How this skill works

The content explains when to use Context.System.EventStream versus DistributedPubSub, how supervision strategies apply to children, and when to handle exceptions inside actors versus letting supervision restart them. It outlines Props usage and when to inject IServiceProvider via DependencyResolver. It also presents scalable work distribution patterns (database-driven queues, Akka.Streams throttling) and approaches to abstract cluster sharding for local tests.

When to use it

  • Use EventStream only for single-process logging, diagnostics, or dev/testing scenarios.
  • Use DistributedPubSub when events must be delivered across multiple cluster nodes.
  • Handle expected, recoverable errors with try-catch inside actors; let unknown/state-corrupt errors bubble for supervision.
  • Prefer Props.Create for simple actors; use DependencyResolver when you need scoped DI or IRequiredActor<T>.
  • Use database-driven queues or Akka.Streams to avoid thundering-herd problems when polling many jobs.
  • Abstract cluster features so the same logic runs in both cluster and local test mode.

Best practices

  • Remember supervision directives apply to children of the actor declaring the strategy, not to the actor itself.
  • Don’t swallow unknown exceptions—handle known, expected failures and let unexpected ones trigger supervision.
  • Prefer cluster sharding over remote-deployment; remote deployment is rarely needed.
  • Use FOR UPDATE SKIP LOCKED in the DB to claim batches and naturally distribute work across nodes.
  • Throttle and limit concurrency with Akka.Streams to control local resource usage and avoid spikes.

Example use cases

  • Publish per-user timeline updates with DistributedPubSub topic format like `timeline:{userId}` across all nodes.
  • Make an RSS-polling fleet safe by having workers claim batches from a DB and mark progress, avoiding simultaneous requests.
  • Write an OrderProcessor actor that uses DependencyResolver to create a scoped DbContext for each message.
  • Let an actor restart on unknown state-corrupt exceptions while using try-catch for transient HttpRequestException retries.
  • Run the same sharding logic locally by replacing Cluster Sharding with a lightweight in-process abstraction for unit tests.

FAQ

Can I use EventStream across cluster nodes?

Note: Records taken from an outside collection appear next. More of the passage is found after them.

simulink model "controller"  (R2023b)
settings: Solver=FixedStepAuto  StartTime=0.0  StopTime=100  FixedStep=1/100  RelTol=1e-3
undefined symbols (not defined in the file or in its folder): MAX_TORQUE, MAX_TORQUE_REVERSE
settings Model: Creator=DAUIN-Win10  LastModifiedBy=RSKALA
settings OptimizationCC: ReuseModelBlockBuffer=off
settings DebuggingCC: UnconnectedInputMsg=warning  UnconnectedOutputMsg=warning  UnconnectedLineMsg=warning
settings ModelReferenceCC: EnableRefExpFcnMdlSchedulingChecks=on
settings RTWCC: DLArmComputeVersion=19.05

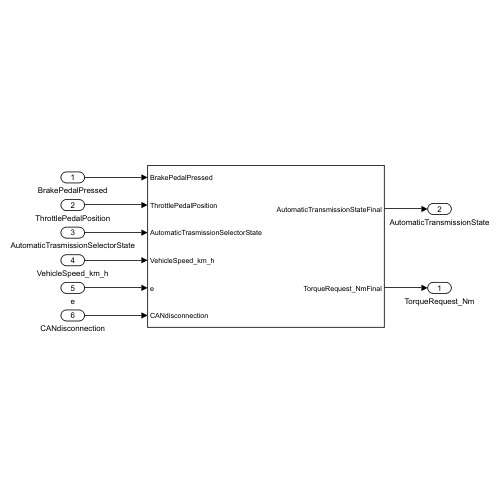
[thumbnail: Simulink's stored preview of the top-level diagram]
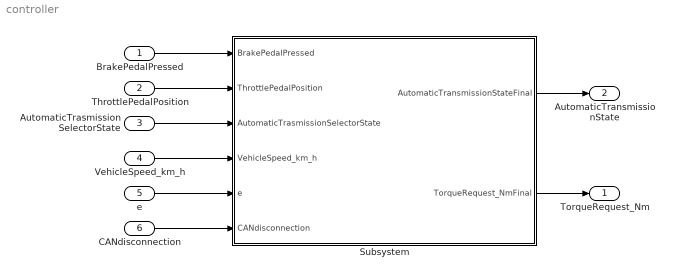
== system controller ==
  BrakePedalPressed : Inport  OutDataTypeStr=boolean
  ThrottlePedalPosition : Inport  Port=2  OutDataTypeStr=single
  AutomaticTrasmissionSelectorState : Inport  Port=3  OutDataTypeStr=Enum: TransmissionState
  VehicleSpeed_km_h : Inport  Port=4  OutDataTypeStr=single  Unit=km/h
  e : Inport  Port=5  OutDataTypeStr=single  Unit=km/h
  CANdisconnection : Inport  Port=6
  Subsystem : Subsystem
  TorqueRequest_Nm : Outport  OutDataTypeStr=single  Unit=N*m
  AutomaticTransmissionState : Outport  Port=2  OutDataTypeStr=Enum: TransmissionState
  wires:
  BrakePedalPressed/1 -> Subsystem/1(BrakePedalPressed)
  ThrottlePedalPosition/1 -> Subsystem/2(ThrottlePedalPosition)
  AutomaticTrasmissionSelectorState/1 -> Subsystem/3(AutomaticTrasmissionSelectorState)
  VehicleSpeed_km_h/1 -> Subsystem/4(VehicleSpeed_km_h)
  e/1 -> Subsystem/5(e)
  Subsystem/1(AutomaticTransmissionStateFinal) -> AutomaticTransmissionState/1
  Subsystem/2(TorqueRequest_NmFinal) -> TorqueRequest_Nm/1
  CANdisconnection/1 -> Subsystem/6(CANdisconnection)

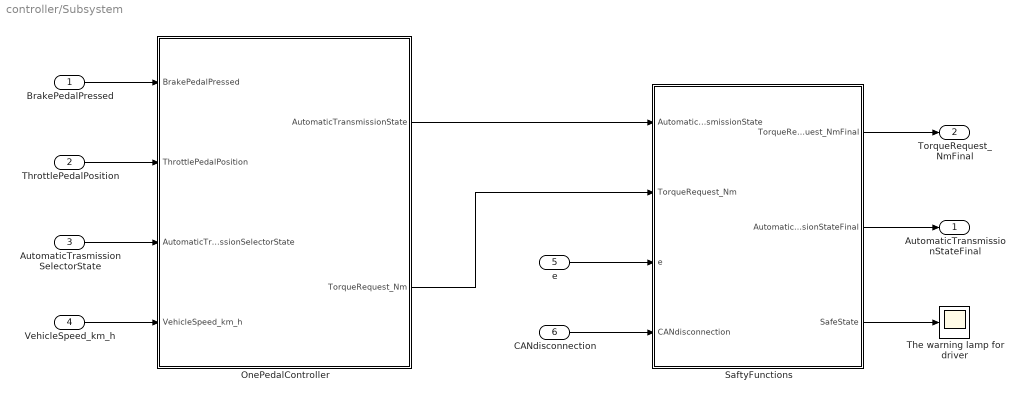
== system controller/Subsystem ==
  BrakePedalPressed : Inport  OutDataTypeStr=boolean
  ThrottlePedalPosition : Inport  Port=2  OutDataTypeStr=single
  AutomaticTrasmissionSelectorState : Inport  Port=3  OutDataTypeStr=Enum: TransmissionState
  VehicleSpeed_km_h : Inport  Port=4  OutDataTypeStr=single  Unit=km/h
  e : Inport  Port=5  OutDataTypeStr=single  Unit=km/h
  CANdisconnection : Inport  Port=6
  OnePedalController : Stateflow chart  TreatAsAtomicUnit=on
  SaftyFunctions : Stateflow chart  TreatAsAtomicUnit=on
      settings: PortSchema="{\"entries\":[{\"content\":{\"sides\":[{\"content\":{\"connectorIds\":[\"In1\",\"In2\",\"In4\",\"In3\"]},\"type\":\"ConnectorPlacement.EquallySpacedRectSide\",\"uuid\":\"7fe74ee5-44b1-4d05-a413-f8cbf6cc4146\"},{\"content\":{\"connectorIds\":[\"Out1\",\"Out2\",\"Out3\"],\"side\":\"RIGHT\"},\"type\":\"ConnectorPlacement.EquallySpacedRectSide\",\"uuid\":\"213ffcbc-04cb-45d6-b82c-0aa6f7f2fafd\"},{\"content\":{\"side\":\"TOP\"},\"type\":\"ConnectorPlacement.EquallySpacedRectSide\",\"uuid\":\"fb1fe60a-13ea-4390-8839-03c13817aaf9\"},{\"content\":{\"side\":\"BOTTOM\"},\"type\":\"ConnectorPlacement.EquallySpacedRectSide\",\"uuid\":\"05eed5e2-92b4-4d65-939e-09ec5391c094\"}]},\"type\":\"ConnectorPlacement.EquallySpacedConnector\",\"uuid\":\"3e98ccd8-4ab9-4b74-b636-0629ec9fe3f2\"}],\"packageUris\":[\"http://schema.mathworks.com/mf0/Connector/R2020b\"],\"version\":\"1.0\"}"
  The warning lamp for driver : Scope
  AutomaticTransmissionStateFinal : Outport  OutDataTypeStr=Enum: TransmissionState
  TorqueRequest_NmFinal : Outport  Port=2  OutDataTypeStr=single  Unit=N*m
  wires:
  ThrottlePedalPosition/1 -> OnePedalController/2(ThrottlePedalPosition)
  SaftyFunctions/1(TorqueRequest_NmFinal) -> TorqueRequest_NmFinal/1
  BrakePedalPressed/1 -> OnePedalController/1(BrakePedalPressed)
  AutomaticTrasmissionSelectorState/1 -> OnePedalController/3(AutomaticTrasmissionSelectorState)
  VehicleSpeed_km_h/1 -> OnePedalController/4(VehicleSpeed_km_h)
  CANdisconnection/1 -> SaftyFunctions/3(CANdisconnection)
  SaftyFunctions/2(AutomaticTransmissionStateFinal) -> AutomaticTransmissionStateFinal/1
  OnePedalController/1(AutomaticTransmissionState) -> SaftyFunctions/1(AutomaticTransmissionState)
  OnePedalController/2(TorqueRequest_Nm) -> SaftyFunctions/2(TorqueRequest_Nm)
  SaftyFunctions/3(SafeState) -> The warning lamp for driver/1
  e/1 -> SaftyFunctions/4(e)

== stateflow chart controller/Subsystem/SaftyFunctions ==
  state StateStateON
    du:
    AutomaticTransmissionStateFinal=TransmissionState.Neutral
    TorqueRequest_NmFinal=0
    SafeState=1
  state SafeStateOFF
    du:
    TorqueRequest_NmFinal=TorqueRequest_Nm
    AutomaticTransmissionStateFinal=AutomaticTransmissionState
    SafeState=0
  (default) -> StateStateON
  SafeStateOFF -> StateStateON : [abs(e)>=0.02||CANdisconnection==1]
  StateStateON -> SafeStateOFF : [abs(e)<=0.02&&CANdisconnection==0]
  data: AutomaticTransmissionState input; TorqueRequest_Nm input; CANdisconnection input; e input; TorqueRequest_NmFinal output; AutomaticTransmissionStateFinal output; SafeState output

== stateflow chart controller/Subsystem/OnePedalController ==
  state P
    en:
    AutomaticTransmissionState=TransmissionState.Park;
    du:
    TorqueRequest_Nm=0;
  state B
    en:
    AutomaticTransmissionState=TransmissionState.Brake;
    state Accelerate
      du:
      TorqueRequest_Nm=MAX_TORQUE*(3/2)*(ThrottlePedalPosition-(1/3));
    state Stop
      en:
      TorqueRequest_Nm=0;
    state Decelerate
      du:
      TorqueRequest_Nm=-MAX_TORQUE*(1-3*ThrottlePedalPosition);
    (default) -> Accelerate
    Stop -> Accelerate : [ThrottlePedalPosition>=1/3]
    Accelerate -> Decelerate : [ThrottlePedalPosition<=(1/3)]
    Decelerate -> Accelerate [order 2] : [ThrottlePedalPosition>(1/3)]
    Decelerate -> Stop [order 1] : [VehicleSpeed_km_h<=0]
  state N
    en:
    AutomaticTransmissionState=TransmissionState.Neutral;
    du:
    TorqueRequest_Nm=0;
  state R
    en:
    AutomaticTransmissionState=TransmissionState.Reverse;
    du:
    TorqueRequest_Nm=ThrottlePedalPosition*-MAX_TORQUE_REVERSE;
  state D
    en:
    AutomaticTransmissionState=TransmissionState.Drive;
    du:
    TorqueRequest_Nm=ThrottlePedalPosition*MAX_TORQUE;
  (default) -> P
  P -> N : [AutomaticTrasmissionSelectorState~=TransmissionState.Park&BrakePedalPressed==1]
  N -> P [order 1] : [AutomaticTrasmissionSelectorState==TransmissionState.Park&BrakePedalPressed==1&abs(VehicleSpeed_km_h)<5]
  N -> D [order 2] : [AutomaticTrasmissionSelectorState==TransmissionState.Drive||AutomaticTrasmissionSelectorState==TransmissionState.Brake&BrakePedalPressed==1&VehicleSpeed_km_h>-5]
  R -> N : [AutomaticTrasmissionSelectorState~=TransmissionState.Reverse]
  D -> N [order 2] : [AutomaticTrasmissionSelectorState==TransmissionState.Neutral || AutomaticTrasmissionSelectorState==TransmissionState.Reverse || AutomaticTrasmissionSelectorState==TransmissionState.Park]
  D -> B [order 1] : [ ThrottlePedalPosition>(1/3)&AutomaticTrasmissionSelectorState==TransmissionState.Brake]
  N -> R [order 3] : [AutomaticTrasmissionSelectorState==TransmissionState.Reverse&BrakePedalPressed==1&VehicleSpeed_km_h<5]
  B -> D : [AutomaticTrasmissionSelectorState~=TransmissionState.Brake]
  data: BrakePedalPressed input boolean; ThrottlePedalPosition input single; AutomaticTrasmissionSelectorState input Enum: TransmissionState; VehicleSpeed_km_h input single; AutomaticTransmissionState output Enum: TransmissionState; TorqueRequest_Nm output single; MAX_TORQUE_REVERSE parameter; MAX_TORQUE parameter

No. EventStream is local to an ActorSystem process. Use DistributedPubSub for cross-node publish/subscribe.

When should I define a custom supervision strategy?

Only when you have concrete reasons—different restart/stop/resume behavior for child failure modes or sibling impact; the default strategy is safe for most cases.

Is Props.Create unsafe if I later add clustering?

Props.Create with closures is fine unless you rely on remote deployment; for clustering, prefer cluster sharding rather than remote-deploying actors.